I created an empty AWS DynamoDB table called "YAM" with a primary partition key "name" and primary sort order "time_ms".

I then configured lambda to listen to my MQTT feed and run some python code:

from __future__ import print_function # Python 2/3 compatibility
import boto3
import json
import logging

logger = logging.getLogger()
logger.setLevel(logging.INFO)

def lambda_handler(event, context):

dynamodb = boto3.resource('dynamodb')
table = dynamodb.Table('YAM')
print(table.creation_date_time)

response = table.put_item(
Item=event
)

logger.info('got event{}'.format(event))
return 'Done'

The Display

I wanted to view the data in a web page (to prove I can) and to view it on multiple devices. Hosting it "in the cloud" allows me to view it anywhere without having to handle security etc. myself.

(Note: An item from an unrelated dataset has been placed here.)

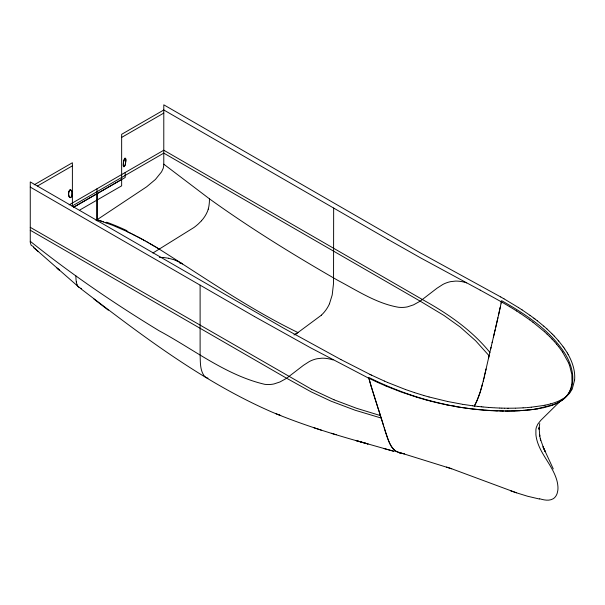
<?xml version="1.0" encoding="UTF-8"?>
<svg xmlns="http://www.w3.org/2000/svg" width="605" height="605" viewBox="0 0 605 605"><rect width="100%" height="100%" fill="white"/><g stroke="black" fill="none" stroke-linecap="round" stroke-linejoin="round"><path stroke-width="0.91" d="M33.676 246.832L31.135 245.222L30.273 242.423L30.258 181.923L283.488 328.099L340.887 359.551M500.751 296.964L419.93 252.648L163.796 104.824L163.781 165.059L163.267 168.175L161.573 171.835L155.44 179.435L146.72 186.748L96.044 220.424M163.796 164.182L209.451 198.833L209.383 201.715A41.087 23.724 -60 0 1 209.285 203.129L209.035 205.322A19.746 11.397 -60 0 1 208.188 209.164M574.591 380.076C575.446 371.107 572.451 362.085 568.087 354.341M574.584 380.19L572.307 388.682A62.149 32.632 -4 0 1 571.914 389.469L571.786 389.726M571.99 382.64L571.846 374.495L569.623 365.632M571.944 383.048C571.082 389.59 568.435 395.375 562.93 399.655M123.594 161.611L123.307 165.468M123.602 161.565L124.32 159.092A2.322 1.339 -60 0 1 124.592 158.578L124.88 158.23M500.978 303.77L501.371 301.812L500.743 301.487M501.137 302.999L501.605 300.662C525.359 314.086 549.385 329.612 564.525 352.919C572.678 365.382 577.238 383.948 566.477 396.29A34.303 17.961 -4.2 0 1 565.788 396.85L565.705 396.918A33.562 17.568 -4.2 0 1 564.291 397.954L559.905 400.487A33.562 17.568 -4.2 0 1 558.052 401.334L557.954 401.38A34.303 17.969 -4.2 0 1 556.955 401.788L554.626 402.658A37.555 19.685 -4.2 0 1 553.431 403.051L553.189 403.127A40.633 21.304 -4.2 0 1 550.966 403.777L550.731 403.853M500.91 304.096L500.426 306.38M500.184 307.514L500.343 306.826M500.222 307.363L498.702 314.298M500.108 307.9L498.444 315.432M498.626 314.592L495.692 327.479M71.072 190.015A5.4 3.116 -60 0 1 71.496 190.56L71.95 191.717A10.625 6.133 -60 0 1 72.176 193.517L72.169 193.207A10.678 6.163 -60 0 0 72.025 192.072A10.028 5.793 -60 0 0 71.874 191.445C68.183 185.281 67.155 201.798 71.753 196.27A4.19 2.42 -60 0 0 72.033 195.249L72.176 193.509L71.692 196.413A1.626 0.923 -59.4 0 1 70.982 197.449M486.095 368.937L484.575 375.561M497.938 317.701L494.754 331.464M489.006 356.126L484.923 374.049M488.454 358.553L489.868 352.397C471.787 330.035 447.723 313.534 422.759 299.732L163.796 150.221L69.151 204.868M489.785 352.745L491.033 347.353M490.564 349.395L491.336 346.068M491.396 345.803L492.296 341.954M484.703 374.979L483.841 378.654M492.115 342.74L495.155 329.793M493.355 337.416L494.482 332.644M484.189 377.202L484.287 376.779M539.736 423.583L538.972 429.21L539.093 427.652L539.789 436.099L539.456 434.519L540.711 440.311L540.273 438.701L543.729 448.449L545.211 451.617L543.025 446.777L553.273 468.92M483.985 378.042L483.539 379.88M483.682 379.305L483.244 381.105M483.418 380.379L483.244 381.089M483.153 381.452L480.257 391.874L477.005 400.608A38.054 21.969 -60 0 1 474.479 405.728M482.533 383.865L482.208 385.098M68.826 191.838L68.796 191.951A6.421 3.706 -60 0 0 68.592 193.237L68.569 193.555A8.682 5.014 -60 0 0 68.569 194.069L68.569 194.228A9.741 5.627 -60 0 0 68.736 195.506M482.102 385.506L481.875 386.33M125.296 164.333L125.779 161.762A13.673 7.895 -60 0 0 125.832 161.006A12.221 7.056 -60 0 0 125.855 160.317L125.848 159.939L125.288 164.356M481.761 386.739L480.824 389.998M480.536 390.943L480.68 390.467M480.506 391.057L480.446 391.253A68.183 39.363 -60 0 1 478.721 396.388L477.345 399.86M125.114 164.938L124.781 165.8M329.475 303.74L332.205 294.968L333.544 283.329L333.657 208.052M477.247 400.079L475.545 403.701A41.806 24.14 -60 0 1 474.169 406.265M571.77 389.756L570.205 392.29A43.938 23.035 -4.1 0 1 569.812 392.811M124.577 158.593L123.533 161.928A15.957 9.211 -60 0 0 123.299 164L123.367 165.951M124.66 158.48C125.81 156.74 126.006 161.565 125.734 158.979A4.606 2.662 -60 0 0 125.606 158.533M569.789 392.849L569.683 392.978A40.633 21.296 -4.2 0 1 568.647 394.195M201.457 220.81L198.327 223.941A45.292 26.151 -60 0 1 193.88 227.548L152.899 253.026M568.655 394.195L568.534 394.331A37.555 19.678 -4.2 0 1 567.891 394.989L564.639 398.173A34.735 18.301 -4 0 1 559.708 401.728A34.735 18.309 -4 0 1 553.462 404.654L538.004 408.556M562.196 399.27L540.885 420.241L537.822 424.113L536.438 427.1A21.5 12.418 60 0 0 535.901 429.648L535.901 434.556A28.964 16.721 60 0 0 536.62 438.996C539.985 453.289 551.155 463.959 555.98 477.647A24.873 14.361 60 0 1 557.636 483.992L557.908 486.337A22.839 13.189 60 0 1 557.802 490.557L557.197 493.257A24.775 14.301 60 0 1 556.199 495.54A24.192 13.968 60 0 1 553.167 498.77C549.015 501.205 543.91 500.025 539.584 498.747M321.361 315.205L294.9 334.807M562.847 399.716L557.833 402.885L551.783 405.441M286.46 378.375L279.964 381.959L273.982 383.948A69.099 39.9 60 0 1 264.892 384.356C226.119 375.35 193.736 349.357 159.213 330.829C114.474 303.619 71.087 274.088 30.25 241.282M420.006 301.267L413.51 304.859L407.52 306.848A69.099 39.9 60 0 1 398.438 307.257C376.476 303.445 357.389 290.672 337.976 280.448C293.954 255.174 250.682 228.478 209.451 198.833M34.198 184.797L72.388 162.753L72.388 205.897M37.54 185.969L72.388 165.853M121.65 137.411L163.796 113.082M72.071 206.086L163.796 153.125L420.006 301.048M73.908 207.016L121.65 179.451M73.681 207.235L125.197 177.492L125.197 172.508M79.981 209.905L121.65 185.841L121.65 134.31L163.796 109.981L387.813 239.315M103.493 221.876L98.645 220.243L97.095 220.901M293.962 334.905L298 332.568C249.305 309.004 204.936 277.839 159.251 249.131M551.707 405.471L544.651 407.452M544.53 407.483L543.532 407.709M543.449 407.725L539.191 408.556M545.029 405.191L549.711 404.125A43.938 23.058 -4.2 0 0 550.663 403.868M544.992 405.199L544.515 405.289A62.149 32.746 -4.1 0 1 543.192 405.539L531.273 407.195M538.866 408.609L537.747 408.798M537.694 408.806L535.493 408.957M537.527 408.836L535.191 409.192M534.207 409.146L535.13 409.199M534.782 409.252L534.003 409.358M533.837 409.381L531.598 409.487M533.459 409.434L532.377 409.57M532.022 409.615L523.461 410.303M531.25 409.706L529.73 409.88M529.36 409.925L527.431 410.122M531.205 407.203L527.159 407.566M527.258 410.137L525.042 410.334M523.877 410.424L520.671 410.5M526.403 407.626L523.098 407.846M522.977 410.492L521.782 410.576M521.245 410.613C499.178 411.74 477.02 410.069 455.225 406.462M519.997 410.689L518.878 410.757M523.053 407.853L515.77 408.156M518.394 410.78L514.53 410.946M514.25 410.954L513.395 410.977M512.942 410.992L510.658 411.045M515.505 408.163L508.17 408.231M159.357 257.337L163.441 257.48M509.932 411.052L507.92 411.075M507.557 411.075L505.092 411.075M507.625 408.231L508.124 408.231M507.361 408.224L504.782 408.193M503.829 411.067L502.46 411.045M502.089 411.045L499.609 410.992M504.578 408.186L502.029 408.125M501.19 408.103L501.802 408.125M498.21 410.946L497.023 410.908M500.781 408.088L499.412 408.042M180.146 263.213L182.37 263.788L176.955 260.937M496.108 410.878L496.705 410.901M499.193 408.035L494.383 407.808M495.805 410.863L491.449 410.666M491.389 410.659L489.687 410.568M493.809 407.778L488.447 407.422M489.354 410.545L486.216 410.334M486.065 410.326L484.718 410.22M488.394 407.422L483.1 406.968M484.06 410.175L481.429 409.948M163.531 257.488L168.477 258.229M480.771 409.887L474.26 409.23M482.911 406.946L481.315 406.794M481.262 406.787L478.192 406.462M477.98 406.439L475.288 406.121M473.942 409.192L472.316 408.995M471.998 408.957L469.888 408.7M474.933 406.076L472.709 405.796M472.664 405.796L462.87 404.352M469.079 408.594L469.563 408.655M467.96 408.443L461.471 407.498M461.161 407.452L460.246 407.309M460.163 407.294L456.132 406.62M462.462 404.284L447.579 401.486M455.134 406.447L454.234 406.288M456.041 406.439L450.264 405.547M454.249 406.114L445.34 404.564M450.165 405.531L446.52 404.805M539.516 499.049L527.613 496.251L516.428 492.795L451.716 468.784L396.661 451.648A41.806 24.14 -60 0 1 394.747 450.347C389.673 445.945 388.032 439.139 385.808 432.908M447.034 404.715C419.847 399.171 393.515 389.764 368.687 377.399L369.474 380.379M445.242 404.541L440.478 403.512M168.545 258.244L173.393 259.568M447.473 401.463L429.036 396.971M440.372 403.49L435.661 402.393M435.562 402.363L430.911 401.206M430.805 401.183L426.2 399.965M381.18 418.04L355.173 410.25L331.033 401.168L311.197 391.874L286.641 378.254L303.483 365.299L309.276 361.578A85.865 49.572 60 0 1 317.088 358.742L321.973 358.183A67.397 38.909 60 0 1 333.068 359.922M426.102 399.935L416.936 397.288M80.631 288.555C140.867 334.724 202.274 381.747 272.273 412.202C303.362 425.179 335.631 435.018 368.074 443.979L356.073 440.569L394.241 451.406M429.013 396.971L423.757 395.481M383.691 448.464L393.424 451.126M380.424 415.582L356.579 408.292L334.141 399.844M423.712 395.466L414.72 392.683M331.29 433.286L336.176 434.738M399.451 452.858L402.96 453.621A68.902 39.779 -60 0 0 404.488 453.773L399.618 452.903L395.814 451.141A38.054 21.969 -60 0 1 393.28 448.948L391.564 446.671M416.868 397.266L401.281 392.055L386.406 386.217M451.716 468.784L446.588 467.06M97.246 219.789L98.645 220.243M414.644 392.66L405.6 389.56M314.063 427.803L321.368 430.185M99.122 220.394L112.795 225.347L126.952 231.496M516.428 492.795L510.544 490.761M173.9 259.742L175.798 260.452M105.308 222.519L106.261 222.867M405.569 389.552L387.487 382.421M279.389 415.06L280.743 415.59L275.895 413.676M175.889 260.49L176.811 260.876M334.066 399.822L311.825 389.416M386.383 386.209L385.377 385.786M385.347 385.771L378.322 382.685M387.404 382.383L384.326 381.044M384.304 381.037L371.704 375.229M378.178 382.625L369.784 378.715M369.156 378.42L369.655 378.662M126.581 231.314L138.265 237.16M371.644 375.198L370.956 374.866M127.428 231.723L131.232 233.56M370.895 374.835L370.018 374.419M369.95 374.382L340.895 359.551M132.177 234.037L135.936 235.942M311.696 389.348L30.25 227.321M136.859 236.419L140.572 238.385M138.726 237.402L143.778 240.14M466.546 282.762L420.702 257.942L388.009 239.429M466.667 282.822L480.173 290.113M480.181 290.12L500.675 301.449M141.033 238.635L142.863 239.633M143.385 239.92L147.87 242.423M144.277 240.412L145.17 240.903M146.939 241.902L148.769 242.945M500.766 296.972L503.277 298.409M502.15 302.296L509.675 306.705M148.686 242.892L152.362 245.017M149.556 243.391L158.124 248.451M30.25 187.081L254.266 316.415M254.463 316.528L310.501 347.754L368.906 378.306L369.867 381.755M30.25 230.225L286.46 378.148M504.01 298.84L518.636 307.665M501.583 301.971L502.037 302.228M503.33 298.439L503.957 298.81M152.808 245.282L155.031 246.598M155.916 247.12L156.362 247.385M509.69 306.712L516.662 310.993M157.118 247.846L157.512 248.08M158.094 248.428L159.448 249.252M516.678 311.008L520.058 313.178M518.651 307.68L522.047 309.873M520.073 313.186L529.798 319.894M522.055 309.881L529.95 315.296M529.972 315.318L530.366 315.598M530.381 315.606L533.867 318.17M529.821 319.909L532.892 322.185M533.882 318.185L534.933 318.979M532.922 322.208L544.394 331.638M534.964 319.001L537.278 320.786M93.888 299.014L108.295 310.184M537.293 320.801L543.789 326.14M79.051 287.299L34.13 247.884M57.694 268.68L59.6 270.314L56.719 267.841M543.812 326.163L546.905 328.901M33.532 247.445L37.956 251.332M544.447 331.691L547.033 334.081M546.912 328.916L551.73 333.506M547.086 334.134L549.574 336.539M549.627 336.592L552.01 339.034M551.745 333.521L552.766 334.55M552.781 334.565L554.18 336.017M552.062 339.087L554.339 341.553M554.195 336.032L558.15 340.403M554.392 341.606L556.562 344.101M558.181 340.433L558.748 341.107M558.763 341.122L562.862 346.302M556.6 344.154L558.665 346.68M489.09 355.732L475.598 340.721L460.163 327.018L444.01 315.477L420.188 301.154L437.029 288.199L442.815 284.479A85.865 49.572 60 0 1 450.634 281.643L455.52 281.083A67.397 38.909 60 0 1 466.614 282.822M558.702 346.726L562.499 351.913M563.013 346.514L563.822 347.641M563.83 347.648L564.737 348.949M564.76 348.987L567.218 352.828M562.521 351.944L568.488 362.72M567.286 352.942L568.087 354.333M389.612 443.049L389.847 443.556A68.183 39.363 -60 0 0 391.571 446.709M389.469 442.739L388.909 441.484M568.526 362.818L569.577 365.496M388.781 441.166L388.531 440.569M388.418 440.289L387.48 437.839M387.427 437.687L385.589 432.197M96.951 220.507L96.792 220.054M377.316 405.819L374.956 398.521M377.656 406.893L378.178 408.519M377.777 407.241L371.621 387.76M377.323 405.834L377.55 406.537M378.223 408.647L379.728 413.381M377.996 407.944L378.443 409.328M374.775 397.954L371.977 388.939M378.677 410.046L380.507 415.832M385.718 432.636L384.198 427.765M379.804 413.623L380.764 416.656M385.544 432.083L381.286 418.32M380.613 416.195L381.052 417.579M381.021 417.488L381.505 419.053M381.543 419.159L383.661 426.011M371.304 386.693L371.848 388.523M371.591 387.684L369.95 382.103M371.341 386.845L369.693 381.188M369.663 381.059L369.549 380.666M76.321 281.945L76.071 280.047A41.087 23.724 -60 0 1 75.973 278.739L75.905 275.933M123.314 165.505L123.806 166.844L124.88 165.581A5.853 3.38 -60 0 0 125.099 164.983M200.111 285.152L200.111 355.075C200.429 362.085 199.869 370.086 204.301 376.015A21.659 12.508 -60 0 0 207.999 378.17M97.375 193.471L97.375 219.706M97.027 188.775L97.027 193.759M96.671 193.872L96.671 220.114M69.825 197.585A6.776 3.933 -59.7 0 1 68.773 195.476M69.545 190.295A1.27 0.734 -60 0 1 69.847 190M68.879 191.747A2.685 1.55 -60 0 1 69.446 190.393M70.49 197.676A1.845 1.066 -60 0 1 70.331 197.684M70.127 189.834A1.467 0.847 -60 0 1 70.498 189.781M123.533 166.549A4.038 2.329 -60 0 1 123.375 165.944M124.713 165.846A1.739 0.983 -59.4 0 1 124.244 166.662M329.521 303.755A21.659 12.508 -60 0 1 321.353 315.167M81.486 288.487A18.823 10.867 -60 0 1 77.047 284.94M77.168 284.804A19.746 11.397 -60 0 1 76.328 281.938M208.309 209.156A18.823 10.867 -60 0 1 201.442 220.78M106.609 222.186A172.289 119.979 13.4 0 1 127.027 230.717M182.362 263.788A5.861 4.553 60.2 0 0 181.235 263.356A6.027 4.674 60.1 0 0 180.691 263.251M180.086 263.175A8.341 6.474 60.9 0 1 180.683 263.183"/></g></svg>

Again, many ways to skin a cat, again solution chosen to trial some technology:

    Python Flask: A basic python web framework, running on AWS. Python Bokeh: A python charting library that can be run with Flask. Hugo: Static HTML generator using templates.

These can be run anywhere from AWS Elastic Beanstalk to a raspberry pi or laptop PC.

I built a basic static site using Hugo to get a site that looks like it is from this century without any graphic design or web design skills. The python script extracts the data from the database, builds an interactive chart using the Bokeh library and then inserts it into the static HTML generated by Hugo.

Python scripts and generated HTML code. The Hugo configuration wasn't committed when my computer was stolen so I'll have to re-do it :(.

https://github.com/namezmud/YetAnotherMonitor

Conclusion

Temperature monitored enclosure

The project could have been done simpler but it gave me an application to try some things such as python micro web frameworks and charting as well as AWS. Feel free to look at, copy, repurpose some or all of the code. It is not wrapped up so neatly as to be reused blindly as some things (such as MQTT topic names and DB tables are hardcoded) so you'll need to be willing to get your hands a little dirty to reuse it. Anyway, I hope it at least provides some inspiration.